We might try to use regex to obtain small fragment, then let cheerio to load and manipulate that fragment.
For the optimization for toc() helper, I start with conditional require cheerio and return before cheerio.load: sukkaw/hexo:lazy-cheerio-for-toc. But the performance dropped by 5%, so I stopped.
@curbengh do you work out the dom-parser problem?
Nope, I'm still far off.
toc() helper needs parentNode, which makes nearly impossible using regex to replace cheerio.
Regular expressions are specialized for searching from the left, and it is necessary to search from the right to find parents efficiently.
Is there any way other than using String#lastIndexOf() and RegExp#sticky flag?
html-dom-parser, which is a wrapper of htmlparser2, can turn a dom tree into json. And parent is supported in html-dom-parser.
@curbengh Have a look?
Currently I have came up with this, a pieces of codes to flatten the html-dom-parser output.

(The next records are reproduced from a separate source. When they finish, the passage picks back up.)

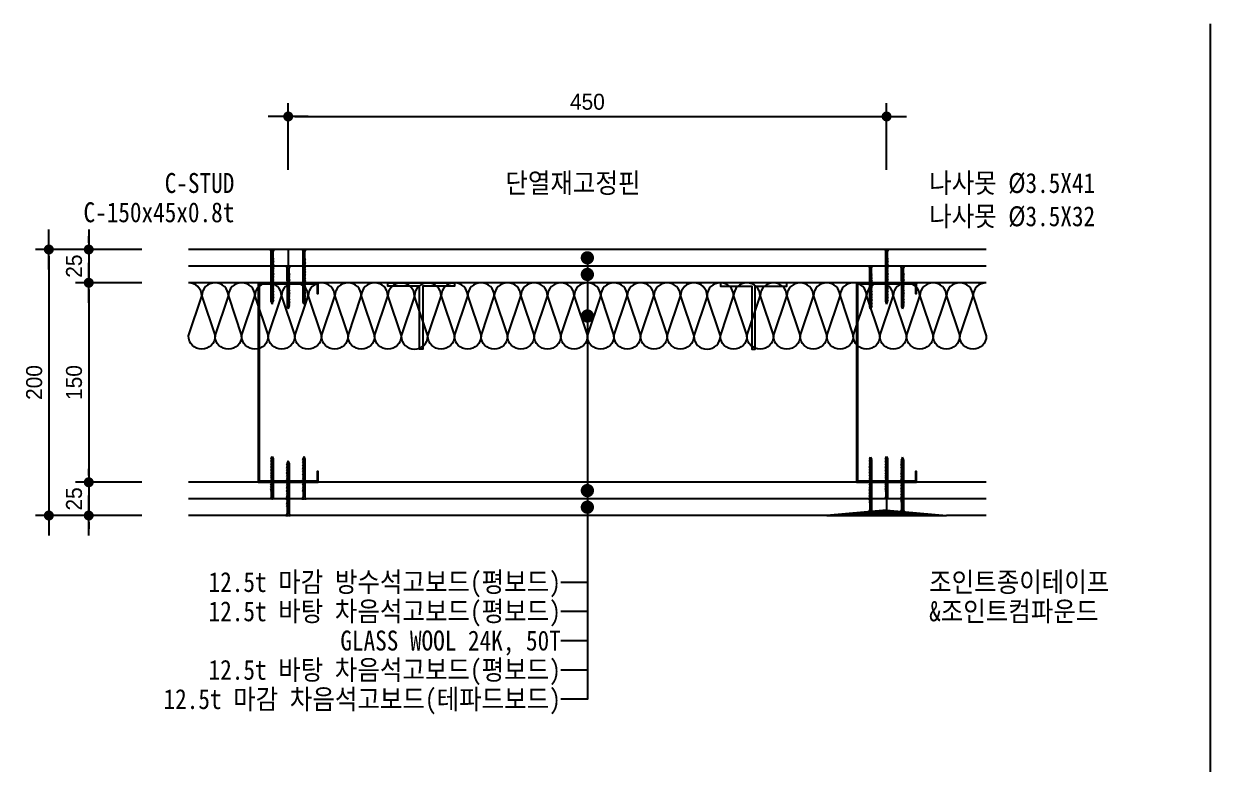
# Model space of a CAD drawing. Header units: millimetres. Extents: x 104 to 12536, y 73 to 2865.
# Drawn here: x 6167 to 7060, y 2309 to 2865 of the extents above; entities that cross this region are included whole.
import ezdxf
from ezdxf.enums import TextEntityAlignment as Align

# ---------------------------------------------------------------- set-up
doc = ezdxf.new("R2010")
doc.units = ezdxf.units.MM
doc.header["$LTSCALE"] = 5
for name, color, linetype in [('CHAN', 3, 'Continuous'), ('FIN', 6, 'Continuous'), ('formline', 6, 'Continuous'), ('GB', 7, 'Continuous'), ('INSUL', 8, 'Continuous'), ('ITXT', 5, 'Continuous'), ('PIN', 4, 'Continuous'), ('RXDIM', 7, 'Continuous'), ('SCREW2', 8, 'Continuous'), ('TEXT', 7, 'Continuous')]:
    doc.layers.add(name, color=color, linetype=linetype)
doc.styles.add('CGS', font='')
doc.styles.add('RXHS', font='')
doc.styles.get('CGS').set_extended_font_data('Dotum')
doc.styles.get('RXHS').set_extended_font_data('DotumChe')
doc.dimstyles.new('NDIM', dxfattribs={"dimscale": 5, "dimtxt": 2.4, "dimasz": 1, "dimexe": 2, "dimexo": 2, "dimgap": 1, "dimtad": 1, "dimtoh": 1, "dimdec": 0, "dimzin": 0, "dimdsep": 46, "dimtxsty": 'CGS', "dimblk1": 'DOTK', "dimblk2": 'DOTK', "dimsah": 1, "dimcen": 3, "dimclrt": 3, "dimadec": 0, "dimazin": 0, "dimtfac": 1.25, "dimtdec": 0, "dimtix": 1, "dimtmove": 2, "dimatfit": 3, "dimldrblk": 'DOTK', "dimfxl": 1, "dimtolj": 1, "dimtzin": 0, "dimarcsym": 0})

# ---------------------------------------------------------------- blocks, each defined once
blk = doc.blocks.new('나사못41')
at = {"layer": 'SCREW2'}
for p, q in [((2.25, 39.17), (0.63, 38.74)), ((0.63, 38.74), (0.92, 39.12)), ((2.25, 38.32), (0.63, 37.89)), ((0.63, 37.89), (0.92, 38.27)), ((2.25, 36.62), (0.63, 36.19)), ((0.63, 36.19), (0.92, 36.58)), ((2.25, 35.78), (0.63, 35.35)), ((0.63, 35.35), (0.92, 35.73)), ((2.25, 37.47), (0.64, 37.04)), ((0.64, 37.04), (0.92, 37.43)), ((2.54, 39.55), (0.92, 39.12)), ((2.54, 38.7), (0.92, 38.27)), ((2.54, 37.86), (0.92, 37.43)), ((2.53, 37.01), (0.92, 36.58)), ((2.54, 36.16), (0.92, 35.73)), ((0.93, 38.81), (0.93, 38.28)), ((0.93, 37.97), (0.93, 37.43)), ((0.93, 37.12), (0.93, 36.58)), ((0.93, 36.27), (0.93, 35.73)), ((1.6, 41), (0.98, 39.39)), ((0.98, 39.39), (1.64, 39.91)), ((0.98, 39.39), (0.98, 39.14)), ((1.64, 39.91), (1.6, 41)), ((2.26, 39.48), (1.6, 41)), ((2.25, 39.17), (2.54, 39.55)), ((2.25, 39.17), (2.25, 38.63)), ((2.25, 38.32), (2.54, 38.7)), ((2.25, 38.32), (2.25, 37.78)), ((2.25, 37.47), (2.54, 37.86)), ((2.25, 37.47), (2.25, 36.93)), ((2.25, 36.62), (2.53, 37.01)), ((2.25, 36.62), (2.25, 36.08)), ((2.25, 35.78), (2.54, 36.16)), ((2.25, 35.78), (2.25, 35.24)), ((2.25, 34.93), (0.63, 34.5)), ((0.63, 34.5), (0.92, 34.88)), ((2.25, 33.23), (0.63, 32.8)), ((0.63, 32.8), (0.92, 33.19)), ((2.25, 32.39), (0.63, 31.96)), ((0.63, 31.96), (0.92, 32.34)), ((2.25, 31.54), (0.63, 31.11)), ((0.63, 31.11), (0.92, 31.5)), ((2.25, 29), (0.63, 28.57)), ((0.63, 28.57), (0.92, 28.95)), ((2.25, 34.08), (0.64, 33.65)), ((0.64, 33.65), (0.92, 34.04)), ((2.25, 30.69), (0.64, 30.26)), ((0.64, 30.26), (0.92, 30.65)), ((2.25, 29.85), (0.64, 29.42)), ((0.64, 29.42), (0.93, 29.8)), ((2.25, 28.15), (0.64, 27.72)), ((0.64, 27.72), (0.92, 28.11)), ((2.25, 27.3), (0.64, 26.87)), ((0.64, 26.87), (0.93, 27.26)), ((2.54, 35.31), (0.92, 34.88)), ((2.54, 34.47), (0.92, 34.04)), ((2.53, 33.62), (0.92, 33.19)), ((2.54, 32.77), (0.92, 32.34)), ((2.54, 31.92), (0.92, 31.5)), ((2.54, 31.08), (0.92, 30.65)), ((2.54, 29.38), (0.92, 28.95)), ((2.54, 28.54), (0.92, 28.11)), ((2.54, 26.84), (0.92, 26.41)), ((0.93, 35.43), (0.93, 34.89)), ((0.93, 34.58), (0.93, 34.04)), ((0.93, 33.73), (0.93, 33.19)), ((0.93, 32.88), (0.93, 32.34)), ((0.93, 32.04), (0.93, 31.5)), ((0.93, 31.19), (0.93, 30.65)), ((0.93, 30.34), (0.93, 29.8)), ((2.54, 30.23), (0.93, 29.8)), ((0.93, 29.49), (0.93, 28.95)), ((0.93, 28.65), (0.93, 28.11)), ((0.93, 27.8), (0.93, 27.26)), ((2.54, 27.69), (0.93, 27.26)), ((0.93, 26.95), (0.93, 26.41)), ((2.25, 34.93), (2.54, 35.31)), ((2.25, 34.93), (2.25, 34.39)), ((2.25, 34.08), (2.54, 34.47)), ((2.25, 34.08), (2.25, 33.54)), ((2.25, 33.23), (2.53, 33.62)), ((2.25, 33.23), (2.25, 32.69)), ((2.25, 32.39), (2.54, 32.77)), ((2.25, 32.39), (2.25, 31.85)), ((2.25, 31.54), (2.54, 31.92)), ((2.25, 31.54), (2.25, 31)), ((2.25, 30.69), (2.54, 31.08)), ((2.25, 30.69), (2.25, 30.15)), ((2.25, 29.85), (2.54, 30.23)), ((2.25, 29.84), (2.25, 29.3)), ((2.25, 29), (2.54, 29.38)), ((2.25, 29), (2.25, 28.46)), ((2.25, 28.15), (2.54, 28.54)), ((2.25, 28.15), (2.25, 27.61)), ((2.25, 27.3), (2.54, 27.69)), ((2.25, 27.3), (2.25, 26.76)), ((2.25, 26.46), (2.54, 26.84)), ((2.25, 24.76), (0.63, 24.33)), ((0.63, 24.33), (0.92, 24.72)), ((2.25, 26.46), (0.64, 26.03)), ((0.64, 26.03), (0.92, 26.41)), ((2.25, 25.61), (0.64, 25.18)), ((0.64, 25.18), (0.93, 25.56)), ((2.25, 23.91), (0.64, 23.48)), ((0.64, 23.48), (0.92, 23.87)), ((2.25, 23.07), (0.64, 22.64)), ((0.64, 22.64), (0.93, 23.02)), ((2.26, 22.22), (0.64, 21.79)), ((0.64, 21.79), (0.93, 22.18)), ((2.25, 21.37), (0.64, 20.94)), ((0.64, 20.94), (0.93, 21.33)), ((2.26, 20.53), (0.64, 20.1)), ((0.64, 20.1), (0.93, 20.48)), ((2.25, 19.68), (0.64, 19.25)), ((0.64, 19.25), (0.92, 19.63)), ((2.25, 18.83), (0.64, 18.4)), ((0.64, 18.4), (0.93, 18.79)), ((2.26, 17.98), (0.64, 17.55)), ((0.64, 17.55), (0.93, 17.94)), ((2.54, 25.15), (0.92, 24.72)), ((2.54, 24.3), (0.92, 23.87)), ((2.54, 20.06), (0.92, 19.63)), ((0.93, 26.1), (0.93, 25.56)), ((2.54, 25.99), (0.93, 25.56)), ((0.93, 25.26), (0.93, 24.72)), ((0.93, 24.41), (0.93, 23.87)), ((0.93, 23.56), (0.93, 23.02)), ((2.54, 23.45), (0.93, 23.02)), ((0.93, 22.71), (0.93, 22.18)), ((2.54, 22.6), (0.93, 22.18)), ((0.93, 21.87), (0.93, 21.33)), ((2.54, 21.76), (0.93, 21.33)), ((0.93, 21.02), (0.93, 20.48)), ((2.54, 20.91), (0.93, 20.48)), ((0.93, 20.17), (0.93, 19.63)), ((0.93, 19.32), (0.93, 18.79)), ((2.54, 19.21), (0.93, 18.79)), ((0.93, 18.48), (0.93, 17.94)), ((0.93, 18.48), (0.93, 17.94)), ((2.54, 18.37), (0.93, 17.94)), ((2.25, 26.45), (2.25, 25.92)), ((2.25, 25.61), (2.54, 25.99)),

const parser = require('html-dom-parser');
const output = parser('<p>Hello, <span>world!</span></p><span>123</span>');
console.log(output);
/*
[ { type: 'tag',
name: 'p',
attribs: {},
children: [ [Object], [Object] ],
next:
{ type: 'tag',
name: 'span',
attribs: {},
children: [Array],
next: null,
prev: [Circular],
parent: null },
prev: null,
parent: null },
{ type: 'tag',
name: 'span',
attribs: {},
children: [ [Object] ],
next: null,
prev:
{ type: 'tag',
name: 'p',
attribs: {},
children: [Array],
next: [Circular],
prev: null,
parent: null },
parent: null } ]
*/
let result= {};
Object.assign(result, parseOutput);
const flatten = (tag) => {
if (!tag.children.length) return tag;
for (let child of tag.children) {
if (child.children) {
flatten(child);
}
result[Object.keys(result).length] = child;
}
};
for (let tag of parseOutput) {
flatten(tag);
}
console.log(result);
/*
{ '0':
{ type: 'tag',
name: 'p',
attribs: {},
children: [ [Object], [Object] ],
next:
{ type: 'tag',
name: 'span',
attribs: {},
children: [Array],
next: null,
prev: [Circular],
parent: null },
prev: null,
parent: null },
'1':
{ type: 'tag',
name: 'span',
attribs: {},
children: [ [Object] ],
next: null,
prev:
{ type: 'tag',
name: 'p',
attribs: {},
children: [Array],
next: [Circular],
prev: null,
parent: null },
parent: null },
'2':
{ data: 'Hello, ',
type: 'text',
next:
{ type: 'tag',
name: 'span',
attribs: {},
children: [Array],
next: null,
prev: [Circular],
parent: [Object] },
prev: null,
parent:
{ type: 'tag',
name: 'p',
attribs: {},
children: [Array],
next: [Object],
prev: null,
parent: null } },
'3':
{ data: 'world!',
type: 'text',
next: null,
prev: null,
parent:
{ type: 'tag',
name: 'span',
attribs: {},
children: [Array],
next: null,
prev: [Object],
parent: [Object] } },
'4':
{ type: 'tag',
name: 'span',
attribs: {},
children: [ [Object] ],
next: null,
prev:
{ data: 'Hello, ',
type: 'text',
next: [Circular],
prev: null,
parent: [Object] },
parent:
{ type: 'tag',
name: 'p',
attribs: {},
children: [Array],
next: [Object],
prev: null,
parent: null } },
'5':
{ data: '123',
type: 'text',
next: null,
prev: null,
parent:
{ type: 'tag',
name: 'span',
attribs: {},
children: [Array],
next: null,
prev: [Object],
parent: null } } }
*/
I am indeed struggling with traversing levels of html-dom-parser output. I'll see how I can proceed. Feel free to work on toc.js, I may only do it this weekend. (edit: or next)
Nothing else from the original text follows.